— Your objective —
Each line that includes the word "pattern" should be copied from the records.

--------------------------------

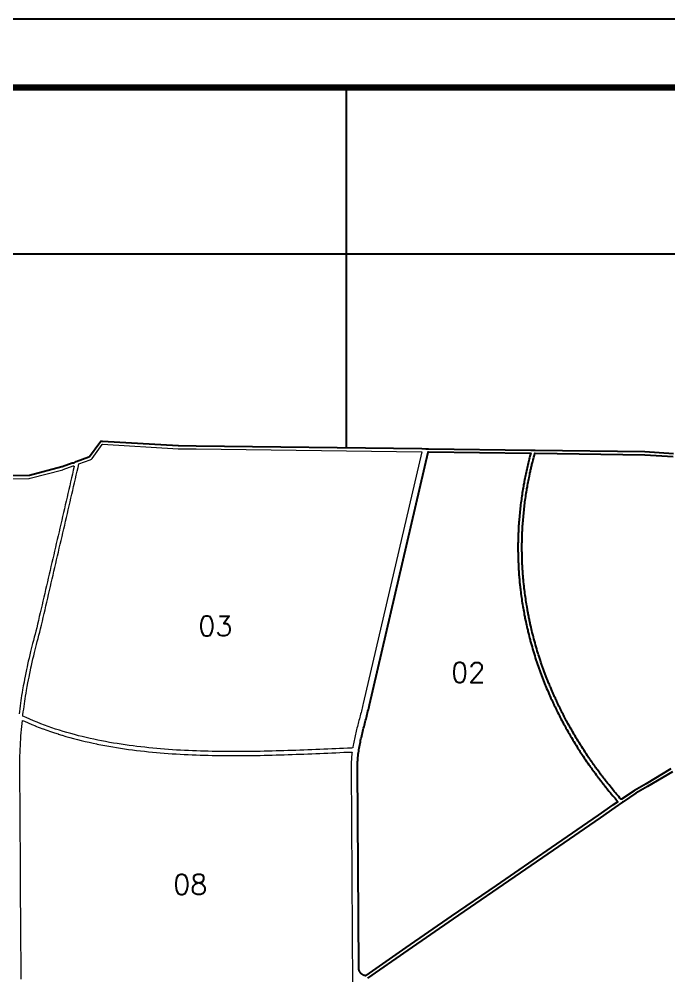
# Model space of a CAD drawing. Extents: x 714606 to 717153, y 7853794 to 7855594.
# Drawn here: x 715389 to 716204, y 7854394 to 7855594 of the extents above; entities that cross this region are included whole.
import ezdxf
from ezdxf.enums import TextEntityAlignment as Align

# ---------------------------------------------------------------- set-up
doc = ezdxf.new("R2010")
doc.units = 0
doc.linetypes.add('CONTINUO', pattern=[0])
doc.linetypes.add('LIN0', pattern=[0])
for name, color, linetype in [('011400xxxx', 1, 'Continuous'), ('011400xxxx001', 5, 'Continuous'), ('011400xxxx002', 5, 'Continuous'), ('011400xxxx003', 5, 'Continuous'), ('011400xxxx004', 5, 'Continuous'), ('011400xxxx008', 5, 'Continuous'), ('MALHA', 8, 'CONTINUO'), ('MARGEM', 7, 'CONTINUO'), ('texto', 7, 'Continuous')]:
    doc.layers.add(name, color=color, linetype=linetype)
doc.styles.add('SIMPLEX', font='simplex', dxfattribs={"height": 0.2})

msp = doc.modelspace()

# ---------------------------------------------------------------- linework, layer by layer
at = {"layer": '011400xxxx'}
for points in [[(715337.3, 7855021.8), (715401.7, 7855022.1), (715402.4, 7855022.2), (715442.9, 7855032.9), (715443.1, 7855033), (715455.8, 7855037.6), (715457, 7855037.9), (715458.2, 7855037.7), (715460.8, 7855039.4), (715476.9, 7855045.2), (715477.3, 7855045.4), (715477.4, 7855045.5), (715477.7, 7855045.8), (715490.4, 7855063.3), (715491.8, 7855064.9), (715493.9, 7855065), (715588.9, 7855059.4), (715589.1, 7855059.4), (715611.2, 7855059.1), (715894.4, 7855055.6), (715899.6, 7855055.2), (715902.6, 7855055.4), (716031.1, 7855053.8), (716034.7, 7855053.4), (716035.2, 7855053.6), (716036.4, 7855053.7), (716174.2, 7855051.9), (716210.1, 7855049.6)], [(716208.7, 7854650.1), (716177.7, 7854631.6), (716163, 7854623.2), (716162.8, 7854623.1), (716147, 7854612.3), (716146.3, 7854611.9), (716146.3, 7854611.8), (716136.5, 7854605.2), (716136.5, 7854605.2), (716118, 7854592.3), (716059, 7854551.6), (715989.9, 7854504), (715933.6, 7854465.5), (715933.6, 7854465.5), (715876.7, 7854426.4), (715876.7, 7854426.4), (715826.3, 7854391)]]:
    msp.add_lwpolyline(points, dxfattribs=at)
at = {"layer": '011400xxxx001'}
msp.add_lwpolyline([(716206.7, 7854653.6), (716175.7, 7854635.1), (716161, 7854626.6), (716160.6, 7854626.4), (716145, 7854615.8), (716144.7, 7854615.6), (716144.7, 7854615.6), (716144.4, 7854615.6), (716143, 7854617.2), (716141.5, 7854618.9), (716140.6, 7854620), (716138.7, 7854622.2), (716137.8, 7854623.3), (716135.9, 7854625.5), (716135, 7854626.6), (716133.1, 7854628.9), (716132.2, 7854630.1), (716130.3, 7854632.4), (716129.3, 7854633.6), (716128.7, 7854634.4), (716127.4, 7854636), (716126.4, 7854637.2), (716125.8, 7854638), (716124.5, 7854639.6), (716123.5, 7854640.9), (716122.9, 7854641.7), (716121.6, 7854643.4), (716120.6, 7854644.7), (716120, 7854645.5), (716118.7, 7854647.2), (716117.7, 7854648.6), (716117.1, 7854649.4), (716115.8, 7854651.2), (716114.8, 7854652.5), (716114.1, 7854653.4), (716112.8, 7854655.2), (716111.8, 7854656.6), (716111.2, 7854657.5), (716109.9, 7854659.3), (716108.9, 7854660.7), (716108.2, 7854661.7), (716106.9, 7854663.5), (716105.9, 7854665), (716105.3, 7854665.9), (716104, 7854667.8), (716103, 7854669.3), (716102.3, 7854670.3), (716101, 7854672.2), (716100, 7854673.7), (716099.4, 7854674.7), (716098, 7854676.7), (716097.1, 7854678.2), (716096.4, 7854679.3), (716095.1, 7854681.3), (716094.1, 7854682.9), (716093.5, 7854683.9), (716092.1, 7854686), (716091.2, 7854687.6), (716090.5, 7854688.6), (716089.2, 7854690.7), (716088.2, 7854692.4), (716087.6, 7854693.4), (716086.3, 7854695.6), (716085.3, 7854697.3), (716084.7, 7854698.4), (716083.4, 7854700.6), (716082.4, 7854702.3), (716081.8, 7854703.4), (716080.5, 7854705.6), (716079.6, 7854707.3), (716078.9, 7854708.5), (716077.7, 7854710.8), (716076.7, 7854712.5), (716076.1, 7854713.7), (716074.8, 7854716), (716074.4, 7854716.9), (716073.4, 7854718.7), (716073, 7854719.6), (716072, 7854721.4), (716071.6, 7854722.4), (716070.6, 7854724.2), (716070.2, 7854725.1), (716069.2, 7854727), (716068.8, 7854727.9), (716067.8, 7854729.8), (716067.4, 7854730.7), (716066.4, 7854732.6), (716066, 7854733.6), (716065.1, 7854735.5), (716064.6, 7854736.4), (716063.7, 7854738.4), (716063.2, 7854739.4), (716062.3, 7854741.3), (716061.9, 7854742.3), (716061, 7854744.3), (716060.5, 7854745.3), (716059.6, 7854747.3), (716059.2, 7854748.3), (716058.3, 7854750.3), (716057.9, 7854751.4), (716057, 7854753.4), (716056.5, 7854754.5), (716055.7, 7854756.5), (716055.2, 7854757.6), (716054.4, 7854759.7), (716053.9, 7854760.8), (716053, 7854762.9), (716052.6, 7854764), (716051.8, 7854766.1), (716051.3, 7854767.2), (716050.5, 7854769.4), (716050.1, 7854770.5), (716049.2, 7854772.7), (716048.8, 7854773.8), (716048, 7854776), (716047.6, 7854777.2), (716046.8, 7854779.5), (716046.3, 7854780.6), (716045.5, 7854782.9), (716045.1, 7854784), (716044.3, 7854786.4), (716043.9, 7854787.5), (716043.1, 7854789.9), (716042.8, 7854791.1), (716042, 7854793.4), (716041.6, 7854794.6), (716040.8, 7854797), (716040.4, 7854798.3), (716039.7, 7854800.7), (716039.3, 7854801.9), (716038.6, 7854804.4), (716038.2, 7854805.6), (716037.5, 7854808.1), (716037.1, 7854809.4), (716036.4, 7854811.9), (716036.1, 7854813.2), (716035.4, 7854815.7), (716035, 7854817), (716034.3, 7854819.6), (716034, 7854820.9), (716033.4, 7854823.5), (716033, 7854824.9), (716032.4, 7854827.5), (716032.1, 7854828.8), (716031.4, 7854831.5), (716031.1, 7854832.9), (716030.5, 7854835.6), (716030.2, 7854837), (716029.6, 7854839.7), (716029.3, 7854841.1), (716028.7, 7854843.8), (716028.5, 7854845.3), (716027.9, 7854848.1), (716027.7, 7854849.5), (716027.1, 7854852.3), (716026.9, 7854853.8), (716026.4, 7854856.7), (716026.1, 7854858.1), (716025.6, 7854861), (716025.4, 7854862.5), (716025, 7854865.4), (716024.7, 7854866.9), (716024.3, 7854869.8), (716024.1, 7854871.4), (716023.7, 7854874.4), (716023.5, 7854875.9), (716023.1, 7854878.9), (716023, 7854879.9), (716022.8, 7854882), (716022.7, 7854883), (716022.4, 7854885.1), (716022.3, 7854886.1), (716022.1, 7854888.2), (716022, 7854889.2), (716021.8, 7854891.3), (716021.7, 7854892.4), (716021.6, 7854894.4), (716021.5, 7854895.5), (716021.3, 7854897.6), (716021.2, 7854898.7), (716021.1, 7854900.8), (716021, 7854901.9), (716020.9, 7854904), (716020.8, 7854905.1), (716020.6, 7854907.2), (716020.6, 7854908.3), (716020.5, 7854910.5), (716020.5, 7854911.6), (716020.4, 7854913.8), (716020.3, 7854914.9), (716020.2, 7854917.1), (716020.2, 7854918.2), (716020.2, 7854920.4), (716020.1, 7854921.5), (716020.1, 7854923.6), (716020.1, 7854924.8), (716020, 7854927), (716020, 7854928.1), (716020, 7854930.3), (716020, 7854931.4), (716020, 7854933.5), (716020, 7854934.6), (716020, 7854936.8), (716020.1, 7854937.9), (716020.1, 7854940), (716020.2, 7854941.1), (716020.2, 7854943.2), (716020.2, 7854944.3), (716020.3, 7854946.4), (716020.3, 7854947.5), (716020.4, 7854949.6), (716020.5, 7854950.6), (716020.6, 7854952.7), (716020.6, 7854953.7), (716020.7, 7854955.9), (716020.8, 7854956.9), (716020.9, 7854959), (716021, 7854960), (716021.1, 7854962), (716021.2, 7854963), (716021.4, 7854965.1), (716021.5, 7854966.6), (716021.8, 7854969.6), (716021.9, 7854971.1), (716022.2, 7854974.1), (716022.3, 7854975.5), (716022.6, 7854978.4), (716022.8, 7854979.9), (716023.1, 7854982.8), (716023.3, 7854984.3), (716023.7, 7854987.1), (716023.8, 7854988.5), (716024.2, 7854991.4), (716024.4, 7854992.8), (716024.8, 7854995.5), (716025, 7854996.9), (716025.4, 7854999.7), (716025.7, 7855001), (716026.1, 7855003.7), (716026.3, 7855005.1), (716026.8, 7855007.8), (716027, 7855009.1), (716027.5, 7855011.7), (716027.8, 7855013), (716028.3, 7855015.7), (716028.5, 7855016.9), (716029, 7855019.5), (716029.3, 7855020.8), (716029.8, 7855023.3), (716030.1, 7855024.6), (716030.6, 7855027), (716030.9, 7855028.3), (716031.5, 7855030.7), (716031.7, 7855031.9), (716032.3, 7855034.4), (716032.6, 7855035.6), (716033.2, 7855038), (716033.5, 7855039.1), (716034.1, 7855041.5), (716034.4, 7855042.6), (716035, 7855045), (716035.6, 7855047.4), (716036.2, 7855049.7), (716036.2, 7855049.7), (716036.3, 7855049.7), (716036.5, 7855049.7), (716174, 7855047.9), (716209.8, 7855045.6)], dxfattribs=at)
at = {"layer": '011400xxxx002'}
msp.add_lwpolyline([(715824, 7854394.2), (715823.7, 7854394.2), (715823.2, 7854394.3), (715822.5, 7854394.5), (715822.1, 7854394.6), (715821.8, 7854394.7), (715821.4, 7854394.8), (715821.1, 7854394.9), (715820.7, 7854395.1), (715820.4, 7854395.2), (715820.1, 7854395.4), (715819.8, 7854395.6), (715819.5, 7854395.8), (715819.2, 7854396.1), (715818.9, 7854396.3), (715818.6, 7854396.6), (715818.3, 7854396.8), (715818, 7854397.1), (715817.8, 7854397.4), (715817.5, 7854397.7), (715817.3, 7854398), (715817.1, 7854398.3), (715816.9, 7854398.6), (715816.7, 7854399), (715816.5, 7854399.3), (715816.3, 7854399.7), (715816.2, 7854400), (715816, 7854400.4), (715815.9, 7854400.7), (715815.8, 7854401.1), (715815.7, 7854401.5), (715815.6, 7854401.8), (715815.5, 7854402.2), (715815.4, 7854402.6), (715815.4, 7854402.9), (715815.3, 7854403.7), (715815.3, 7854404.4), (715815.3, 7854405.1), (715813.6, 7854655), (715813.6, 7854656.9), (715813.7, 7854658.9), (715813.7, 7854660.8), (715813.8, 7854662.7), (715814, 7854664.6), (715814.1, 7854666.5), (715814.3, 7854668.4), (715814.5, 7854670.3), (715814.7, 7854672.3), (715815, 7854674.2), (715815.2, 7854676.1), (715815.5, 7854678), (715815.9, 7854679.9), (715816.2, 7854681.8), (715816.5, 7854683.7), (715816.9, 7854685.7), (715817.3, 7854687.6), (715817.7, 7854689.5), (715818.1, 7854691.4), (715818.6, 7854693.3), (715819, 7854695.3), (715819.5, 7854697.2), (715819.9, 7854699.1), (715820.4, 7854701), (715820.9, 7854703), (715821.4, 7854704.9), (715821.9, 7854706.8), (715822.4, 7854708.7), (715822.9, 7854710.7), (715823.4, 7854712.6), (715823.9, 7854714.5), (715824.4, 7854716.5), (715824.9, 7854718.4), (715824.9, 7854718.4), (715825.4, 7854720.3), (715825.4, 7854720.4), (715825.9, 7854722.3), (715825.9, 7854722.3), (715826.4, 7854724.2), (715826.4, 7854724.2), (715826.9, 7854726.2), (715826.9, 7854726.2), (715827.4, 7854728.1), (715827.4, 7854728.1), (715827.8, 7854730.1), (715827.9, 7854730.1), (715828.3, 7854732), (715828.3, 7854732), (715828.8, 7854734), (715828.8, 7854734), (715902.5, 7855051.2), (715902.5, 7855051.4), (715902.8, 7855051.4), (716030.9, 7855049.8), (716031.1, 7855049.8), (716030.8, 7855048.7), (716030.1, 7855046.2), (716029.5, 7855043.9), (716029.2, 7855042.7), (716028.6, 7855040.4), (716028.3, 7855039.2), (716027.7, 7855036.7), (716027.4, 7855035.5), (716026.9, 7855033.1), (716026.6, 7855031.9), (716026, 7855029.3), (716025.8, 7855028.1), (716025.2, 7855025.6), (716024.9, 7855024.3), (716024.4, 7855021.8), (716024.1, 7855020.5), (716023.6, 7855017.9), (716023.3, 7855016.6), (716022.9, 7855013.9), (716022.6, 7855012.6), (716022.1, 7855010), (716021.9, 7855008.7), (716021.4, 7855005.9), (716021.2, 7855004.6), (716020.7, 7855001.9), (716020.5, 7855000.5), (716020.1, 7854997.7), (716019.9, 7854996.3), (716019.5, 7854993.5), (716019.3, 7854992.1), (716018.9, 7854989.2), (716018.7, 7854987.7), (716018.3, 7854984.9), (716018.1, 7854983.4), (716017.8, 7854980.4), (716017.7, 7854979), (716017.3, 7854976.1), (716017.2, 7854974.6), (716016.9, 7854971.5), (716016.8, 7854970), (716016.5, 7854967), (716016.4, 7854965.5), (716016.2, 7854963.3), (716016.2, 7854962.3), (716016, 7854960.3), (716015.9, 7854959.3), (716015.8, 7854957.2), (716015.7, 7854956.1), (716015.6, 7854954), (716015.6, 7854952.9), (716015.5, 7854950.9), (716015.4, 7854949.8), (716015.3, 7854947.7), (716015.3, 7854946.6), (716015.2, 7854944.4), (716015.2, 7854943.3), (716015.2, 7854941.2), (716015.1, 7854940.2), (716015.1, 7854938), (716015, 7854936.9), (716015, 7854934.6), (716015, 7854933.5), (716015, 7854931.4), (716015, 7854930.3), (716015, 7854928.1), (716015, 7854926.9), (716015.1, 7854924.7), (716015.1, 7854923.5), (716015.1, 7854921.4), (716015.2, 7854920.3), (716015.2, 7854918.1), (716015.2, 7854916.9), (716015.3, 7854914.6), (716015.4, 7854913.5), (716015.5, 7854911.4), (716015.5, 7854910.3), (716015.6, 7854908.1), (716015.7, 7854907), (716015.8, 7854904.8), (716015.9, 7854903.7), (716016, 7854901.6), (716016.1, 7854900.5), (716016.2, 7854898.4), (716016.3, 7854897.2), (716016.5, 7854895.1), (716016.6, 7854894), (716016.8, 7854891.9), (716016.8, 7854890.9), (716017, 7854888.8), (716017.1, 7854887.7), (716017.4, 7854885.5), (716017.5, 7854884.5), (716017.7, 7854882.5), (716017.8, 7854881.5), (716018, 7854879.4), (716018.1, 7854878.3), (716018.5, 7854875.2), (716018.7, 7854873.7), (716019.1, 7854870.7), (716019.3, 7854869.2), (716019.8, 7854866.1), (716020, 7854864.7), (716020.5, 7854861.7), (716020.7, 7854860.2), (716021.2, 7854857.2), (716021.5, 7854855.8), (716021.9, 7854852.9), (716022.2, 7854851.4), (716022.8, 7854848.6), (716023, 7854847.1), (716023.6, 7854844.3), (716023.8, 7854842.9), (716024.4, 7854840.1), (716024.7, 7854838.7), (716025.3, 7854835.9), (716025.6, 7854834.5), (716026.2, 7854831.8), (716026.6, 7854830.4), (716027.2, 7854827.7), (716027.5, 7854826.3), (716028.2, 7854823.6), (716028.5, 7854822.3), (716029.2, 7854819.7), (716029.5, 7854818.3), (716030.2, 7854815.7), (716030.5, 7854814.4), (716031.2, 7854811.9), (716031.6, 7854810.5), (716032.3, 7854808), (716032.7, 7854806.7), (716033.4, 7854804.2), (716033.8, 7854802.9), (716034.5, 7854800.5), (716034.9, 7854799.2), (716035.7, 7854796.8), (716036.1, 7854795.5), (716036.8, 7854793.1), (716037.2, 7854791.9), (716038, 7854789.5), (716038.4, 7854788.3), (716039.2, 7854785.9), (716039.6, 7854784.7), (716040.4, 7854782.4), (716040.8, 7854781.2), (716041.6, 7854778.9), (716042.1, 7854777.8), (716042.9, 7854775.5), (716043.3, 7854774.3), (716044.1, 7854772.1), (716044.6, 7854770.9), (716045.4, 7854768.7), (716045.8, 7854767.6), (716046.7, 7854765.4), (716047.1, 7854764.3), (716048, 7854762.1), (716048.4, 7854761), (716049.3, 7854758.9), (716049.7, 7854757.8), (716050.6, 7854755.7), (716051, 7854754.6), (716051.9, 7854752.5), (716052.4, 7854751.5), (716053.3, 7854749.4), (716053.7, 7854748.3), (716054.6, 7854746.3), (716055.1, 7854745.3), (716056, 7854743.3), (716056.4, 7854742.2), (716057.3, 7854740.2), (716057.8, 7854739.2), (716058.7, 7854737.3), (716059.2, 7854736.3), (716060.1, 7854734.3), (716060.6, 7854733.3), (716061.5, 7854731.4), (716061.9, 7854730.4), (716062.9, 7854728.5), (716063.3, 7854727.6), (716064.3, 7854725.7), (716064.7, 7854724.7), (716065.7, 7854722.8), (716066.2, 7854721.9), (716067.1, 7854720.1), (716067.6, 7854719.1), (716068.5, 7854717.3), (716069, 7854716.4), (716069.9, 7854714.6), (716070.4, 7854713.7), (716071.7, 7854711.3), (716072.3, 7854710.2), (716073.3, 7854708.4), (716074.6, 7854706.1), (716075.2, 7854704.9), (716076.2, 7854703.2), (716077.5, 7854700.9), (716078.1, 7854699.8), (716079.1, 7854698.1), (716080.4, 7854695.8), (716081, 7854694.7), (716082, 7854693.1), (716083.3, 7854690.9), (716084, 7854689.8), (716084.9, 7854688.1), (716086.3, 7854686), (716086.9, 7854685), (716087.9, 7854683.3), (716089.2, 7854681.2), (716089.9, 7854680.2), (716090.9, 7854678.6), (716092.2, 7854676.6), (716092.8, 7854675.5), (716093.9, 7854674), (716095.2, 7854672), (716095.8, 7854671), (716096.8, 7854669.5), (716098.2, 7854667.5), (716098.8, 7854666.5), (716099.8, 7854665), (716101.2, 7854663.1), (716101.8, 7854662.1), (716102.8, 7854660.7), (716104.1, 7854658.8), (716104.8, 7854657.9), (716105.8, 7854656.4), (716107.1, 7854654.6), (716107.8, 7854653.7), (716108.8, 7854652.3), (716110.1, 7854650.5), (716110.7, 7854649.6), (716111.7, 7854648.2), (716113.1, 7854646.4), (716113.7, 7854645.6), (716114.7, 7854644.2), (716116, 7854642.5), (716116.7, 7854641.7), (716117.6, 7854640.4), (716118.9, 7854638.7), (716119.6, 7854637.9), (716120.6, 7854636.6), (716121.9, 7854634.9), (716122.5, 7854634.1), (716123.5, 7854632.9), (716124.8, 7854631.3), (716125.4, 7854630.5), (716126.4, 7854629.3), (716128.3, 7854626.9), (716129.2, 7854625.7), (716131.1, 7854623.5), (716132.1, 7854622.3), (716134, 7854620.1), (716134.9, 7854618.9), (716136.8, 7854616.8), (716137.7, 7854615.7), (716139.2, 7854613.9), (716140.3, 7854612.6), (716134.3, 7854608.5), (716134.2, 7854608.5), (716115.7, 7854595.6), (716056.8, 7854554.9), (715987.6, 7854507.3), (715931.3, 7854468.8), (715931.3, 7854468.8), (715874.4, 7854429.7), (715874.4, 7854429.7), (715824.2, 7854394.3), (715824, 7854394.2)], close=True, dxfattribs=at)
at = {"layer": '011400xxxx003', "lineweight": 18}
msp.add_lwpolyline([(715464.3, 7855036.4), (715478.5, 7855041.5), (715479.4, 7855041.9), (715480.1, 7855042.5), (715480.8, 7855043.3), (715493.5, 7855060.8), (715493.6, 7855060.9), (715493.9, 7855061), (715588.7, 7855055.4), (715589, 7855055.4), (715611.2, 7855055.1), (715894.1, 7855051.6), (715894.3, 7855051.6), (715894.3, 7855051.4), (715821, 7854735.8), (715820.5, 7854733.9), (715820.1, 7854732), (715819.6, 7854730), (715819.1, 7854728.1), (715818.6, 7854726.2), (715818.2, 7854724.3), (715817.7, 7854722.4), (715817.2, 7854720.4), (715816.6, 7854718.5), (715816.1, 7854716.6), (715815.6, 7854714.6), (715815.1, 7854712.7), (715815.1, 7854712.7), (715814.6, 7854710.8), (715814.6, 7854710.8), (715814.1, 7854708.8), (715814.1, 7854708.8), (715813.6, 7854706.9), (715813.6, 7854706.9), (715813.1, 7854704.9), (715813.1, 7854704.9), (715812.6, 7854703), (715812.6, 7854703), (715812.2, 7854701), (715812.2, 7854701), (715811.7, 7854699.1), (715811.7, 7854699), (715811.2, 7854697.1), (715811.2, 7854697.1), (715810.8, 7854695.1), (715810.8, 7854695.1), (715810.3, 7854693.2), (715810.3, 7854693.2), (715809.9, 7854691.2), (715809.9, 7854691.2), (715809.5, 7854689.2), (715809.5, 7854689.2), (715809.1, 7854687.3), (715809.1, 7854687.2), (715808.7, 7854685.3), (715808.7, 7854685.2), (715808.3, 7854683.3), (715808.3, 7854683.2), (715808, 7854681.3), (715808, 7854681.3), (715807.8, 7854680.2), (715807.7, 7854680), (715807.5, 7854680), (715806.3, 7854679.9), (715801.3, 7854679.7), (715796.3, 7854679.5), (715791.3, 7854679.2), (715786.4, 7854679), (715781.4, 7854678.8), (715776.4, 7854678.6), (715771.4, 7854678.4), (715766.4, 7854678.1), (715761.4, 7854677.9), (715756.4, 7854677.7), (715751.4, 7854677.5), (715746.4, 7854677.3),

--------------------------------

— Result of the exercise —
doc.linetypes.add('CONTINUO', pattern=[0])
doc.linetypes.add('LIN0', pattern=[0])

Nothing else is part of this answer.